Potential reasons to deviate from a standard revascularisation strategy may include:
- Concerns regarding medication compliance. This may lead to shorter durations of dual-antiplatelet therapy and/or use of absorbable polymer or polymer-free drug-eluting stents, or drug-eluting balloon therapy where possible. Most modern drug-eluting stent platforms can accommodate an abbreviated period of dual-antiplatelet therapy as short as 1 month; however, this does not remove the need for lifelong single antiplatelet therapy following drug-eluting stent implantation to avoid stent thrombosis.50,51
- Concerns regarding current psychiatric status and risk of deterioration in symptoms; for example, after cardiac surgery. In such circumstances, advice from psychiatry as to how to minimise these risks is invaluable, given the evidence that the use of antipsychotics is associated with increased adherence to cardiometabolic medications in people with schizophrenia.52
Gaps in the Current Literature: Future Research Required
As per the American Heart Association position statement categorising BD, along with major depressive disorder, as conditions predisposing to accelerated atherosclerosis and early CVD, there are clear unanswered research questions to be addressed; for example what is the effect of sex differences and can non-pharmacological interventions targeted at both mood and CV risk (e.g. exercise) have a dual beneficial effect?8 Furthermore, does enhanced prescribing and monitoring of primary and/or secondary prevention medications improve outcomes in patients with any SMI? As in all areas of CV medicine, randomised controlled trial evidence, supplemented by large-scale observational data, will be vital in answering these questions.

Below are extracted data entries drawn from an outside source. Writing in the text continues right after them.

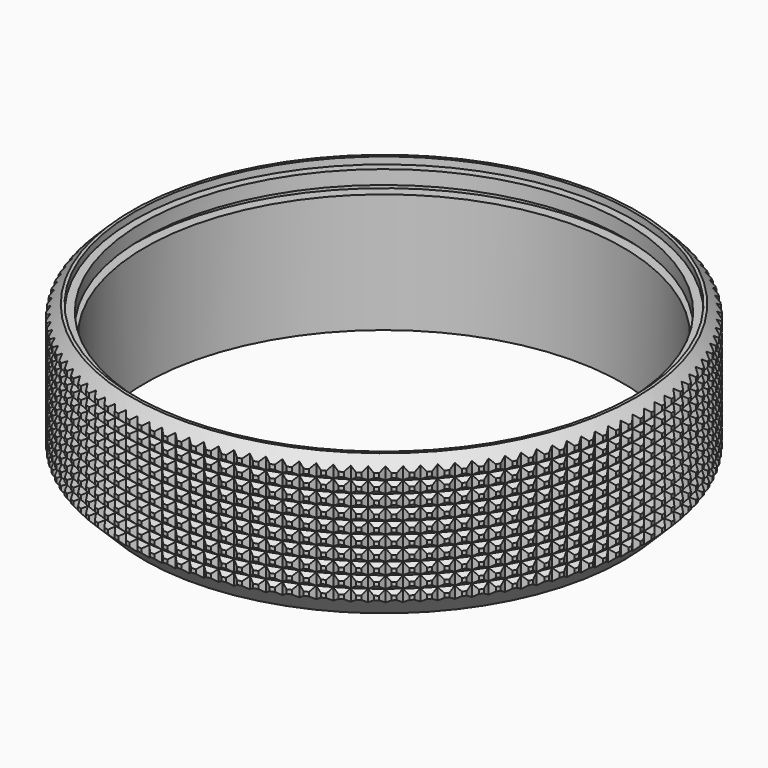
from build123d import *

# Parameters (mm, degrees)
F5_DEPTH = 14.801


# Not quite as in the source:
# - ends of sketch curves that miss each other by under 0.0002 mm in the source are joined


with BuildPart() as f1:
    # F0 (on Front) → F1 (revolve)
    with BuildSketch(Plane.XZ):
        Polygon((24, 12), (24, 0), (24.1, 0), (26.5, 2.4), (26.5, 13.65), (25.35, 14.8), (25.05, 14.8), (25.05, 14.1), (24.25, 14.1), (24.25, 12.7), (25.05, 12.7), (25.05, 12), align=None)
    revolve(axis=Axis((0, 0, 7.4), (0, 0, 1)))

    # F2 (on Front) → F3 (revolve, cut)
    with BuildSketch(Plane.XZ):
        Polygon((26.1, 3.2), (26.5, 2.8), (26.5, 3.6), align=None)
        Polygon((26.1, 4.4), (26.5, 4), (26.5, 4.8), align=None)
        Polygon((26.1, 5.6), (26.5, 5.2), (26.5, 6), align=None)
        Polygon((26.1, 6.8), (26.5, 6.4), (26.5, 7.2), align=None)
        Polygon((26.1, 8), (26.5, 7.6), (26.5, 8.4), align=None)
        Polygon((26.1, 9.2), (26.5, 8.8), (26.5, 9.6), align=None)
        Polygon((26.1, 10.4), (26.5, 10), (26.5, 10.8), align=None)
        Polygon((26.1, 11.6), (26.5, 11.2), (26.5, 12), align=None)
        Polygon((26.1, 12.8), (26.5, 12.4), (26.5, 13.2), align=None)
    revolve(axis=Axis((0, 0, 7.4), (0, 0, 1)), mode=Mode.SUBTRACT)

    # F4 (on Top) → F5 (cut, through all)
    with BuildSketch(Plane.XY):
        with BuildLine():
            ThreePointArc((19.9973857787, -17.3883455803), (24.8211676109, -9.2822216324), (26.5, 0))
            ThreePointArc((26.5, 0), (26.4989503727, 0.2358583159), (26.4958015739, 0.4716979477))
            Line((26.4958015739, 0.4716979477), (26.1022815987, 0.0027191035))
            Line((26.1022815987, 0.0027191035), (26.4942734182, -0.5174716106))
            Line((26.4942734182, -0.5174716106), (26.4834675206, -0.9174542359))
            Line((26.4834675206, -0.9174542359), (26.0659423946, -1.3651951167))
            Line((26.0659423946, -1.3651951167), (26.4301723244, -1.9051881942))
            Line((26.4301723244, -1.9051881942), (26.3984477628, -2.3040571203))
            Line((26.3984477628, -2.3040571203), (25.9580618933, -2.729332811))
            Line((25.9580618933, -2.729332811), (26.2935316046, -3.2876481685))
            Line((26.2935316046, -3.2876481685), (26.2409753337, -3.6843101233))
            Line((26.2409753337, -3.6843101233), (25.7789357878, -4.0859549729))
            Line((25.7789357878, -4.0859549729), (26.0847257813, -4.6610623066))
            Line((26.0847257813, -4.6610623066), (26.0114818543, -5.0544300673))
            Line((26.0114818543, -5.0544300673), (25.5290550502, -5.4313431951))
            Line((25.5290550502, -5.4313431951), (25.804327177, -6.021666176))
            Line((25.804327177, -6.021666176), (25.7105963503, -6.4106615489))
            Line((25.7105963503, -6.4106615489), (25.2091045865, -6.7618098623))
            Line((25.2091045865, -6.7618098623), (25.4531043446, -7.365730456))
            Line((25.4531043446, -7.365730456), (25.339143528, -7.7492872318))
            Line((25.339143528, -7.7492872318), (24.8199277527, -8.0737292567))
            Line((24.8199277527, -8.0737292567), (25.0320199616, -8.6895711598))
            Line((25.0320199616, -8.6895711598), (24.8981415136, -9.066638036))
            Line((24.8981415136, -9.066638036), (24.3626601561, -9.3634601994))
            Line((24.3626601561, -9.3634601994), (24.5422281909, -9.9895597321))
            Line((24.5422281909, -9.9895597321), (24.3887990632, -10.3591031947))
            Line((24.3887990632, -10.3591031947), (23.83848367, -10.6275099459))
            Line((23.83848367, -10.6275099459), (23.9850715178, -11.2621329946))
            Line((23.9850715178, -11.2621329946), (23.8125122489, -11.6231401506))
            Line((23.8125122489, -11.6231401506), (23.2489714437, -11.8623490302))
            Line((23.2489714437, -11.8623490302), (23.36207707, -12.5038029123))
            Line((23.36207707, -12.5038029123), (23.1708606328, -12.8552842662))
            Line((23.1708606328, -12.8552842662), (22.5955729153, -13.0646718715))
            Line((22.5955729153, -13.0646718715), (22.6749524319, -13.7111661545))
            Line((22.6749524319, -13.7111661545), (22.4656029374, -14.0521583203))
            Line((22.4656029374, -14.0521583203), (21.8801451312, -14.2311507343))
            Line((21.8801451312, -14.2311507343), (21.9255809644, -14.8809134222))
            Line((21.9255809644, -14.8809134222), (21.6986722251, -15.2104817641))
            Line((21.6986722251, -15.2104817641), (21.1046490293, -15.3585883812))
            Line((21.1046490293, -15.3585883812), (21.1160166427, -16.0098385197))
            Line((21.1160166427, -16.0098385197), (20.8721705996, -16.3270797138))
            Line((20.8721705996, -16.3270797138), (20.2712101905, -16.4438945839))
            Line((20.2712101905, -16.4438945839), (20.2484784262, -17.0948471416))
            Line((20.2484784262, -17.0948471416), (19.9973857787, -17.3883455803))
        make_face()
        with BuildLine():
            ThreePointArc((19.3254063276, -18.1322549693), (19.6602174506, -17.7686760844), (19.988189475, -17.3989161016))
            Line((19.988189475, -17.3989161016), (19.3821130127, -17.4840945935))
            Line((19.3821130127, -17.4840945935), (19.3254063276, -18.1322549693))
        make_face()
        with BuildLine():
            ThreePointArc((18.3494288956, -19.1193216199), (18.7021282663, -18.7744613321), (19.0483474604, -18.4230958046))
            Line((19.0483474604, -18.4230958046), (18.4397944495, -18.4763372942))
            Line((18.4397944495, -18.4763372942), (18.3494288956, -19.1193216199))
        make_face()
        with BuildLine():
            ThreePointArc((17.3232270711, -20.053822674), (17.6926880381, -19.72862869), (18.0560456252, -19.3966289953))
            Line((18.0560456252, -19.3966289953), (17.4468373306, -19.4179030177))
            Line((17.4468373306, -19.4179030177), (17.3232270711, -20.053822674))
        make_face()
        with BuildLine():
            ThreePointArc((16.2496342413, -20.9332125347), (16.6346788807, -20.6285592938), (17.0140130588, -20.3168245461))
            Line((17.0140130588, -20.3168245461), (16.4059632824, -20.3062109977))
            Line((16.4059632824, -20.3062109977), (16.2496342413, -20.9332125347))
        make_face()
        with BuildLine():
            ThreePointArc((15.1316119233, -21.7550987266), (15.5310163219, -21.4717845557), (15.9251174885, -21.1811386138))
            Line((15.9251174885, -21.1811386138), (15.3200252683, -21.1388264439))
            Line((15.3200252683, -21.1388264439), (15.1316119233, -21.7550987266))
        make_face()
        with BuildLine():
            ThreePointArc((13.9722414414, -22.5172482578), (14.3847411408, -22.2559929527), (14.7923572931, -21.9871818502))
            Line((14.7923572931, -21.9871818502), (14.191999769, -21.9134672152))
            Line((14.191999769, -21.9134672152), (13.9722414414, -22.5172482578))
        make_face()
        with BuildLine():
            ThreePointArc((12.7747152975, -23.2175935245), (13.1990108615, -22.9790363653), (13.6188531339, -22.7327261743))
            Line((13.6188531339, -22.7327261743), (13.0249786239, -22.628010075))
            Line((13.0249786239, -22.628010075), (12.7747152975, -23.2175935245))
        make_face()
        with BuildLine():
            ThreePointArc((11.5423282603, -23.8542377437), (11.9770909276, -23.6389359514), (12.4078392281, -23.4157110865))
            Line((12.4078392281, -23.4157110865), (11.8221605568, -23.2804965111))
            Line((11.8221605568, -23.2804965111), (11.5423282603, -23.8542377437))
        make_face()
        with BuildLine():
            ThreePointArc((10.2784681996, -24.4254599029), (10.7223455829, -24.2338875379), (11.1626542901, -24.0342495036))
            Line((11.1626542901, -24.0342495036), (10.5868424086, -23.8691381035))
            Line((10.5868424086, -23.8691381035), (10.2784681996, -24.4254599029))
        make_face()
        with BuildLine():
            ThreePointArc((8.9866066922, -24.9297192154), (9.4382284858, -24.7622665168), (9.8867321676, -24.586633097))
            Line((9.8867321676, -24.586633097), (9.3224101003, -24.3923214264))
            Line((9.3224101003, -24.3923214264), (8.9866066922, -24.9297192154))
        make_face()
        with BuildLine():
            ThreePointArc((7.6702894258, -25.3656590714), (8.1282730846, -25.222632231), (8.5835922011, -25.0713371188))
            Line((8.5835922011, -25.0713371188), (8.0323293531, -24.8486124709))
            Line((8.0323293531, -24.8486124709), (7.6702894258, -25.3656590714))
        make_face()
        with BuildLine():
            ThreePointArc((6.3331264294, -25.7321104776), (6.7960827818, -25.613731841), (7.2568293348, -25.487024699))
            Line((7.2568293348, -25.487024699), (6.7201361886, -25.2367605748))
            Line((6.7201361886, -25.2367605748), (6.3331264294, -25.7321104776))
        make_face()
        with BuildLine():
            ThreePointArc((4.9787821556, -26.0280949792), (5.4453209161, -25.9345036606), (5.9101040093, -25.8325506019))
            Line((5.9101040093, -25.8325506019), (5.389427237, -25.5557018511))
            Line((5.389427237, -25.5557018511), (4.9787821556, -26.0280949792))
        make_face()
        with BuildLine():
            ThreePointArc((3.6109654444, -26.2528270584), (4.0797005908, -26.184079955), (4.5471318666, -26.1069644307))
            Line((4.5471318666, -26.1069644307), (4.0438498791, -25.8045621041))
            Line((4.0438498791, -25.8045621041), (3.6109654444, -26.2528270584))
        make_face()
        with BuildLine():
            ThreePointArc((2.2334193938, -26.4057160064), (2.7029743789, -26.361789194), (3.1716732979, -26.3095132697))
            Line((3.1716732979, -26.3095132697), (2.6870922488, -25.982659225))
            Line((2.6870922488, -25.982659225), (2.2334193938, -26.4057160064))
        make_face()
        with BuildLine():
            ThreePointArc((0.8499111658, -26.4863672671), (1.3189239329, -26.4671577556), (1.7875228668, -26.4396437571))
            Line((1.7875228668, -26.4396437571), (1.3228731247, -26.089505062))
            Line((1.3228731247, -26.089505062), (0.8499111658, -26.4863672671))
        make_face()
        with BuildLine():
            ThreePointArc((-0.5357782445, -26.4945832515), (-0.0686504702, -26.4999110775), (0.3984986386, -26.4970035822))
            Line((0.3984986386, -26.4970035822), (-0.0450682636, -26.1248067581))
            Line((-0.0450682636, -26.1248067581), (-0.5357782445, -26.4945832515))
        make_face()
        with BuildLine():
            ThreePointArc((-1.9198642517, -26.4303636232), (-1.4559404181, -26.4599742536), (-0.9915685505, -26.4814424043))
            Line((-0.9915685505, -26.4814424043), (-1.4129824838, -26.0884675538))
            Line((-1.4129824838, -26.0884675538), (-1.9198642517, -26.4303636232))
        make_face()
        with BuildLine():
            ThreePointArc((-3.2985689057, -26.2939050575), (-2.8391398596, -26.3474720772), (-2.3788458534, -26.3930121889))
            Line((-2.3788458534, -26.3930121889), (-2.7771201782, -25.9805870524))
            Line((-2.7771201782, -25.9805870524), (-3.2985689057, -26.2939050575))
        make_face()
        with BuildLine():
            ThreePointArc((-4.6681310752, -26.0856004774), (-4.2144555765, -26.1627285311), (-3.7595091685, -26.2319669642))
            Line((-3.7595091685, -26.2319669642), (-4.13374234, -25.8014609467))
            Line((-4.13374234, -25.8014609467), (-4.6681310752, -26.0856004774))
        make_face()
        with BuildLine():
            ThreePointArc((-6.0248165627, -25.80603777), (-5.5781176021, -25.9062657289), (-5.1297538595, -25.9987619963))
            Line((-5.1297538595, -25.9987619963), (-5.4791305622, -25.5515802091))
            Line((-5.4791305622, -25.5515802091), (-6.0248165627, -25.80603777))
        make_face()
        with BuildLine():
            ThreePointArc((-7.3649281249, -25.4559979909), (-6.926389559, -25.5788023112), (-6.4858054077, -25.6940523899))
            Line((-6.4858054077, -25.6940523899), (-6.8095972293, -25.2316297452))
            Line((-6.8095972293, -25.2316297452), (-7.3649281249, -25.4559979909))
        make_face()
        with BuildLine():
            ThreePointArc((-8.6848153742, -25.0364530618), (-8.2555788861, -25.1812513044), (-7.8239299645, -25.3186911177))
            Line((-7.8239299645, -25.3186911177), (-8.1214956246, -24.842486517))
            Line((-8.1214956246, -24.842486517), (-8.6848153742, -25.0364530618))
        make_face()
        with BuildLine():
            ThreePointArc((-9.9808845358, -24.5485629698), (-9.5620469282, -24.7147174482), (-9.1404447724, -24.8737264873))
            Line((-9.1404447724, -24.8737264873), (-9.4112299258, -24.385217139))
            Line((-9.4112299258, -24.385217139), (-9.9808845358, -24.5485629698))
        make_face()
        with BuildLine():
            ThreePointArc((-11.2496080368, -23.9936724788), (-10.8422188593, -24.1804940025), (-10.4317284256, -24.3603990537))
            Line((-10.4317284256, -24.3603990537), (-10.6752650608, -23.8610749549))
            Line((-10.6752650608, -23.8610749549), (-11.2496080368, -23.9936724788))
        make_face()
        with BuildLine():
            ThreePointArc((-12.4875339043, -23.373307361), (-12.0925934154, -23.5800590434), (-11.6942309379, -23.7801379889))
            Line((-11.6942309379, -23.7801379889), (-11.9101363971, -23.2714966019))
            Line((-11.9101363971, -23.2714966019), (-12.4875339043, -23.373307361))
        make_face()
        with BuildLine():
            ThreePointArc((-13.6912949486, -22.6891701618), (-13.3097524077, -22.9150712599), (-12.9244835908, -23.1345569206))
            Line((-12.9244835908, -23.1345569206), (-13.1124592383, -22.6180980734))
            Line((-13.1124592383, -22.6180980734), (-13.6912949486, -22.6891701618))
        make_face()
        with BuildLine():
            ThreePointArc((-14.8576177102, -21.9431355093), (-14.490369994, -22.1873652658), (-14.1191085318, -22.4254492545))
            Line((-14.1191085318, -22.4254492545), (-14.278938101, -21.9026702891))
            Line((-14.278938101, -21.9026702891), (-14.8576177102, -21.9431355093))
        make_face()
        with BuildLine():
            ThreePointArc((-15.9833311488, -21.137244981), (-15.6312216817, -21.3989464399), (-15.2748280974, -21.6547829958))
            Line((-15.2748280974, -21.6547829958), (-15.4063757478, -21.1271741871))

Given the association between ECG abnormalities and CV death in patients with SMI, it has been suggested that SMI patients with ECG abnormalities but no pre-existing CV diagnosis may benefit from targeted CV investigation and management, thereby potentially preventing CV events before they occur. This is an interesting hypothesis, building on existing work that adding ECG data to conventional risk models can make CV prognostication more accurate and warrants further study.41
Data in the Primary Angioplasty Era
Little of the current body of literature describes ACS care in the era of primary angioplasty. Urban centres in the UK, with well-established and highly protocolised primary angioplasty pathways, and robust standardised data collection across all centres nationally (via British Cardiovascular Intervention Society/National Institute for Cardiovascular Outcomes Research), are the perfect setting to answer research questions surrounding performance of these networks in patients with SMI presenting with ACS. It is vitally important that structural barriers to effective healthcare are identified and then addressed for SMI patients with and/or at risk of CVD.
Patients with SMI are at increased risk of and from CAD, yet are less likely to receive evidence-based management. A proactive and multidisciplinary approach from the Heart Team is required to minimise this concerning treatment gap.